For the further verification of the improvement of the milling performance after process optimization, two groups of optimal process combinations (group 3 and group 9) from the extreme variance analysis were selected for comparison with the optimal parameter combinations, as shown in Figure 7. From Figure 7, it can be noticed that the milling force of the optimal group was reduced by 51.3% and 51.8% compared to groups 3 and 9, respectively. The material removal rate of the optimal group was reduced by 17% and 7.8% compared to groups 3 and 9. From the comparative results, it can be seen that although the material removal rate was reduced, the milling force was greatly improved. Based on engineering experience, it is known that this parameter can provide a reference for the selection of subsequent milling processing parameters [20]. As the accuracy of this optimization result is still insufficient, the subsequent development of new hybrid intelligent optimization methods should be continued to avoid problems such as locally optimal solutions arising from a single algorithm.

5. Conclusions

In this study, the selection of milling process parameters for laser fusion cladding coating of Fe45 alloys was investigated, the significance of the process was analyzed using the orthogonal method, a regression model between the milling process and the milling force and material removal rate was established by using the exponential empirical model, and the milling parameters were optimized using the NGSA-II optimization algorithm. The main conclusions are as follows:
(1)
The process effects of milling force were significantly ranked as cutting depth > spindle speed > feed rate.
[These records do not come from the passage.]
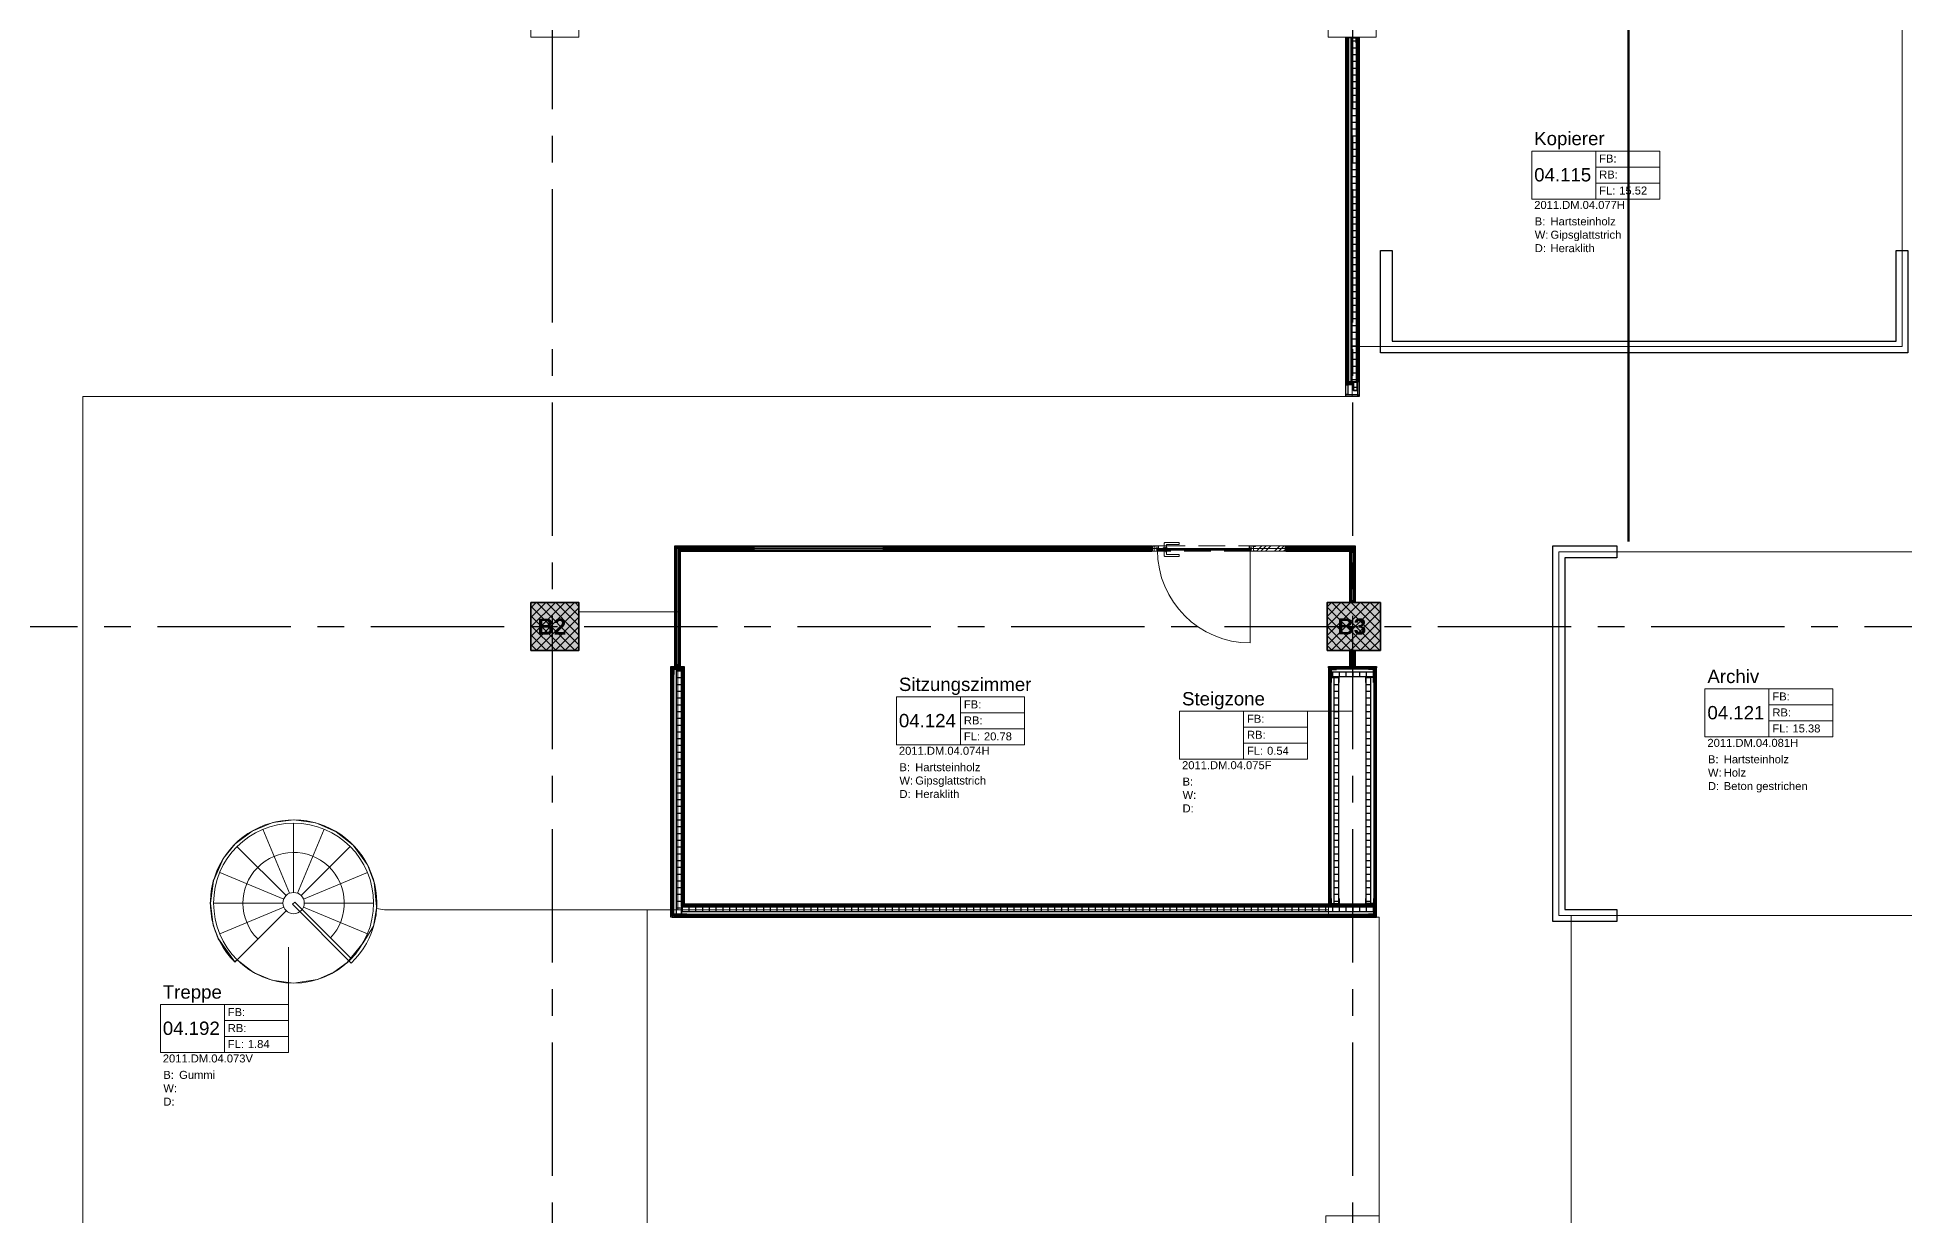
# Model space of a CAD drawing. Header units: millimetres. Extents: x -5 to 111, y -3 to 86.
# Drawn here: x 10.27 to 27.78, y 61.38 to 72.42 of the extents above; entities that cross this region are included whole.
import ezdxf

# ---------------------------------------------------------------- set-up
doc = ezdxf.new("R2010")
doc.units = ezdxf.units.MM
doc.linetypes.add('MITTE', pattern=[2, 1.25, -0.25, 0.25, -0.25])
doc.linetypes.add('STRICHLINIE2', pattern=[0.375, 0.25, -0.125])
doc.layers.add('A1------H-', color=8, linetype='Continuous')
for name, color, linetype, lineweight in [('A1------J-', 10, 'Continuous', 50), ('A1E0----E-', 5, 'Continuous', 18), ('A1E00---E-', 3, 'MITTE', 25), ('A1E00---T-', 3, 'Continuous', 25), ('A1E2----E-', 4, 'Continuous', 35), ('A1E2----H-', 5, 'Continuous', 18), ('A1M11---E-', 3, 'Continuous', 25), ('A1M11---H-', 5, 'Continuous', 25), ('A1M16---E-', 5, 'Continuous', 18), ('A1Z21---E-', 210, 'Continuous', 18), ('A1Z29---T-', 5, 'Continuous', 18)]:
    doc.layers.add(name, color=color, linetype=linetype, lineweight=lineweight)
doc.styles.add('ARIAL', font='ARIAL.TTF')
doc.styles.add('ARIALFETT', font='ARIALBD.TTF')

# ---------------------------------------------------------------- blocks, each defined once
blk = doc.blocks.new('Gruppe-11')
at = {"layer": 'A1M16---E-', "linetype": 'Continuous', "lineweight": 5}
h = blk.add_hatch(dxfattribs=at)
h.set_pattern_fill('HARTHOLZ', color=256, style=0, pattern_type=2)
h.set_pattern_definition([(45, (0, 0), (-0.084853, 0.084853), []), (45, (-0.02121, 0.02121), (-0.084853, 0.084853), []), (45, (-0.04243, 0.04243), (-0.084853, 0.084853), [])])
h.paths.add_polyline_path([(0.3225, 0.43355), (0.3225, 0.39355), (0.3425, 0.39355), (0.3425, 0.38855), (0.6225, 0.38855), (0.6225, 0.43855), (0.3425, 0.43855), (0.3425, 0.43355)])
at = {"layer": 'A1M16---E-', "linetype": 'Continuous', "lineweight": 9}
blk.add_lwpolyline([(0.3225, 0.43355), (0.3225, 0.39355), (0.3425, 0.39355), (0.3425, 0.38855), (0.6225, 0.38855), (0.6225, 0.43855), (0.3425, 0.43855), (0.3425, 0.43355)], close=True, dxfattribs=at)
blk = doc.blocks.new('Gruppe-12')
at = {"layer": 'A1M16---E-', "linetype": 'Continuous', "lineweight": 0}
for points in [[(-0.592, 0.413), (-0.584, 0.413), (-0.584, 0.391), (-0.622, 0.391), (-0.622, 0.389), (-0.582, 0.389), (-0.582, 0.415), (-0.59, 0.415), (-0.59, 0.419), (-0.567, 0.419), (-0.567, 0.439), (-0.622, 0.439), (-0.622, 0.437), (-0.569, 0.437), (-0.569, 0.421), (-0.592, 0.421)], [(-0.577, 0.412), (0.293, 0.412), (0.293, 0.406), (-0.577, 0.406)], [(-0.577, 0.405), (0.293, 0.405), (0.293, 0.399), (-0.577, 0.399)], [(0.308, 0.413), (0.3, 0.413), (0.3, 0.391), (0.338, 0.391), (0.338, 0.389), (0.298, 0.389), (0.298, 0.415), (0.306, 0.415), (0.306, 0.419), (0.283, 0.419), (0.283, 0.439), (0.338, 0.439), (0.338, 0.437), (0.285, 0.437), (0.285, 0.421), (0.308, 0.421)]]:
    blk.add_hatch(color=256, dxfattribs=at).paths.add_polyline_path(points)
at = {"layer": 'A1M16---E-', "linetype": 'STRICHLINIE2', "lineweight": 9}
for p, q in [((0.298, 0.389), (-0.582, 0.389)), ((-0.567, 0.439), (0.283, 0.439))]:
    blk.add_line(p, q, dxfattribs=at)
at = {"layer": 'A1M16---E-', "linetype": 'Continuous', "lineweight": 9}
blk.add_line((0.293, 0.399), (0.293, -0.471), dxfattribs=at)
for points in [[(-0.592, 0.413), (-0.584, 0.413), (-0.584, 0.391), (-0.622, 0.391), (-0.622, 0.389), (-0.582, 0.389), (-0.582, 0.415), (-0.59, 0.415), (-0.59, 0.419), (-0.567, 0.419), (-0.567, 0.439), (-0.622, 0.439), (-0.622, 0.437), (-0.569, 0.437), (-0.569, 0.421), (-0.592, 0.421)], [(-0.607, 0.391), (-0.607, 0.437), (-0.569, 0.437), (-0.569, 0.421), (-0.592, 0.421), (-0.592, 0.413), (-0.584, 0.413), (-0.584, 0.391)], [(-0.59, 0.419), (-0.567, 0.419), (-0.567, 0.415), (-0.59, 0.415)], [(-0.577, 0.412), (0.293, 0.412), (0.293, 0.406), (-0.577, 0.406)], [(-0.577, 0.405), (0.293, 0.405), (0.293, 0.399), (-0.577, 0.399)], [(-0.509, 0.412), (-0.499, 0.412), (-0.499, 0.399), (-0.509, 0.399)], [(0.308, 0.413), (0.3, 0.413), (0.3, 0.391), (0.338, 0.391), (0.338, 0.389), (0.298, 0.389), (0.298, 0.415), (0.306, 0.415), (0.306, 0.419), (0.283, 0.419), (0.283, 0.439), (0.338, 0.439), (0.338, 0.437), (0.285, 0.437), (0.285, 0.421), (0.308, 0.421)], [(0.283, 0.419), (0.306, 0.419), (0.306, 0.415), (0.283, 0.415)], [(0.323, 0.391), (0.323, 0.437), (0.285, 0.437), (0.285, 0.421), (0.308, 0.421), (0.308, 0.413), (0.3, 0.413), (0.3, 0.391)], [(0.323, 0.437), (0.338, 0.437), (0.338, 0.434), (0.323, 0.434)], [(0.323, 0.394), (0.338, 0.394), (0.338, 0.391), (0.323, 0.391)]]:
    blk.add_lwpolyline(points, close=True, dxfattribs=at)
at = {"layer": 'A1M16---E-', "linetype": 'Continuous', "lineweight": 9, "flags": 128}
for points in [[(-0.523, 0.412), (-0.486, 0.412), (-0.486, 0.419, 0.414214), (-0.488, 0.421), (-0.521, 0.421, 0.414214), (-0.523, 0.419)], [(-0.523, 0.399), (-0.486, 0.399), (-0.486, 0.391, -0.414214), (-0.488, 0.389), (-0.521, 0.389, -0.414214), (-0.523, 0.391)], [(-0.504, 0.471, 0.414214), (-0.514, 0.461), (-0.514, 0.421), (-0.494, 0.421), (-0.494, 0.446, -0.414214), (-0.489, 0.451), (-0.374, 0.451), (-0.374, 0.471)], [(-0.504, 0.339, -0.414214), (-0.514, 0.349), (-0.514, 0.389), (-0.494, 0.389), (-0.494, 0.364, 0.414214), (-0.489, 0.359), (-0.374, 0.359), (-0.374, 0.339)]]:
    blk.add_lwpolyline(points, format="xyb", close=True, dxfattribs=at)
at = {"layer": 'A1M16---E-', "linetype": 'Continuous', "lineweight": 9}
for centre in [(-0.504, 0.427), (-0.504, 0.383)]:
    blk.add_circle(centre, 0.001, dxfattribs=at)
blk.add_arc((0.293, 0.399), 0.87, 180, 270, dxfattribs=at)
at = {"layer": 'A1M16---E-'}
blk.add_blockref('Gruppe-11', (0, 0), dxfattribs=at)
blk = doc.blocks.new('GLASTUERE 125')
at = {"layer": 'A1M16---E-'}
blk.add_blockref('Gruppe-12', (0, 0), dxfattribs=at)
blk = doc.blocks.new('Gruppe-478')
at = {"layer": 'A1E0----E-', "linetype": 'Continuous'}
for p, q in [((-38.164, 21.855), (-38.412, 22.456)), ((-38.125, 21.863), (-38.125, 22.513)), ((-38.087, 21.855), (-37.838, 22.456)), ((-38.196, 21.833), (-38.656, 22.293)), ((-38.055, 21.833), (-37.595, 22.293)), ((-38.218, 21.801), (-38.818, 22.05)), ((-38.033, 21.801), (-37.433, 22.05)), ((-38.225, 21.763), (-38.875, 21.763)), ((-38.218, 21.724), (-38.818, 21.476)), ((-38.136, 21.752), (-38.115, 21.773)), ((-38.136, 21.752), (-37.585, 21.201)), ((-38.115, 21.773), (-37.585, 21.243)), ((-38.033, 21.724), (-37.433, 21.476)), ((-38.025, 21.763), (-37.375, 21.763)), ((-38.196, 21.692), (-38.677, 21.211))]:
    blk.add_line(p, q, dxfattribs=at)
at = {"layer": 'A1E0----E-'}
for q in [(-38.463, 21.427), (-38.462, 21.428)]:
    blk.add_line((-38.461, 21.427), q, dxfattribs=at)
for radius in [0.75, 0.1]:
    blk.add_circle((-38.125, 21.763), radius, dxfattribs=at)
for radius, start in [(0.78, 313.8727), (0.475, 316.8096)]:
    blk.add_arc((-38.125, 21.763), radius, start, 225, dxfattribs=at)
blk = doc.blocks.new('bbl-raumstempel')
for points in [[(0, 0), (0, -0.45), (1.2, -0.45), (1.2, 0), (0, 0)], [(0.6, -0.45), (0.6, 0)], [(0.6, -0.15), (1.2, -0.15)], [(0.6, -0.3), (1.2, -0.3)], [(1.2, -0.3), (1.2, -0.45)]]:
    blk.add_lwpolyline(points)
at = {"style": 'ARIAL'}
for s, p in [('FB:', (0.632, -0.108)), ('RB:', (0.632, -0.258)), ('FL:', (0.632, -0.408)), ('B:', (0.028, -0.697)), ('W:', (0.028, -0.822)), ('D:', (0.028, -0.948))]:
    blk.add_text(s, height=0.075, dxfattribs=at).set_placement(p)
for tag, p, height in [('RAUMBEZ', (0.023, 0.055), 0.125), ('RNR1', (0.023, -0.285), 0.125), ('FB', (0.82, -0.108), 0.075), ('RB', (0.82, -0.258), 0.075), ('FLAECHE', (0.82, -0.408), 0.075), ('RNR2', (0.023, -0.543), 0.075), ('B', (0.176, -0.697), 0.075), ('W', (0.176, -0.822), 0.075), ('D', (0.176, -0.948), 0.075)]:
    blk.add_attdef(tag, p, '', height=height, dxfattribs=at)
blk = doc.blocks.new('2011.DM.04.071H', base_point=(10.7, 56.119))
at = {"layer": 'A1Z21---E-'}
blk.add_lwpolyline([(10.7, 56.119), (5.675, 56.119), (5.675, 61.159), (7.51, 61.15), (7.517, 61.114), (7.535, 61.088), (7.562, 61.068), (7.6, 61.06), (7.636, 61.068), (7.663, 61.086), (7.683, 61.114), (7.69, 61.15), (7.681, 61.189), (7.662, 61.215), (7.632, 61.234), (7.6, 61.24), (7.566, 61.233), (7.539, 61.216), (7.516, 61.183), (7.51, 61.15), (5.675, 61.159), (5.675, 66.904), (7.51, 66.9), (7.518, 66.863), (7.537, 66.836), (7.56, 66.82), (7.6, 66.81), (7.635, 66.817), (7.662, 66.835), (7.684, 66.867), (7.69, 66.9), (7.684, 66.933), (7.662, 66.965), (7.629, 66.985), (7.6, 66.99), (7.562, 66.982), (7.535, 66.962), (7.518, 66.937), (7.51, 66.9), (5.675, 66.904), (5.675, 72.649), (7.51, 72.649), (7.518, 72.612), (7.535, 72.588), (7.562, 72.569), (7.6, 72.56), (7.637, 72.568), (7.662, 72.585), (7.682, 72.612), (7.69, 72.65), (7.684, 72.683), (7.663, 72.714), (7.629, 72.735), (7.6, 72.74), (7.565, 72.733), (7.537, 72.714), (7.516, 72.681), (7.51, 72.649), (5.675, 72.649), (5.675, 74.625), (15.094, 74.625), (15.094, 72.875), (14.9, 72.875), (14.9, 72.425), (15.35, 72.425), (15.35, 72.875), (15.094, 72.875), (15.094, 74.625), (22.51, 74.625), (22.51, 72.9), (22.373, 72.9), (22.373, 72.425), (22.537, 72.425), (22.598, 72.425), (22.598, 69.056), (10.7, 69.056), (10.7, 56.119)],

For the material removal rate, the significance was ranked as cutting depth > feed rate > spindle speed.
(2)
Reliable regression models for the spindle speed, feed rate, and cutting depth with the milling force and material removal rate were developed using empirical exponential models.
(3)
The NSGA-II algorithm was used to optimize the milling parameters and the optimum process parameters were N = 2000 r/min, V = 120.0266 mm/min, and P = 0.45 mm. The results obtained with the algorithm were found to be better by comparing them with the two sets of results from the extreme variance analysis.
(4)
The results of this study can provide some technical support for the control and prediction of the milling process for laser-melted Fe45-forming coatings. Further research should continue to develop efficient hybrid intelligent optimization methods to improve the optimization accuracy in the future.

Author Contributions

J.Z.: writing. L.S.: methodology. A.L.: data processing. N.H.: experimentation. J.G.: experimentation. All authors have read and agreed to the published version of the manuscript.

Funding

This work was supported by the research projects of the Shaanxi Provincial Department of Education 2023 General Special Scientific Research Program (23JK0357) and the research project of Shaanxi University of Technology (SLGKYXM2306).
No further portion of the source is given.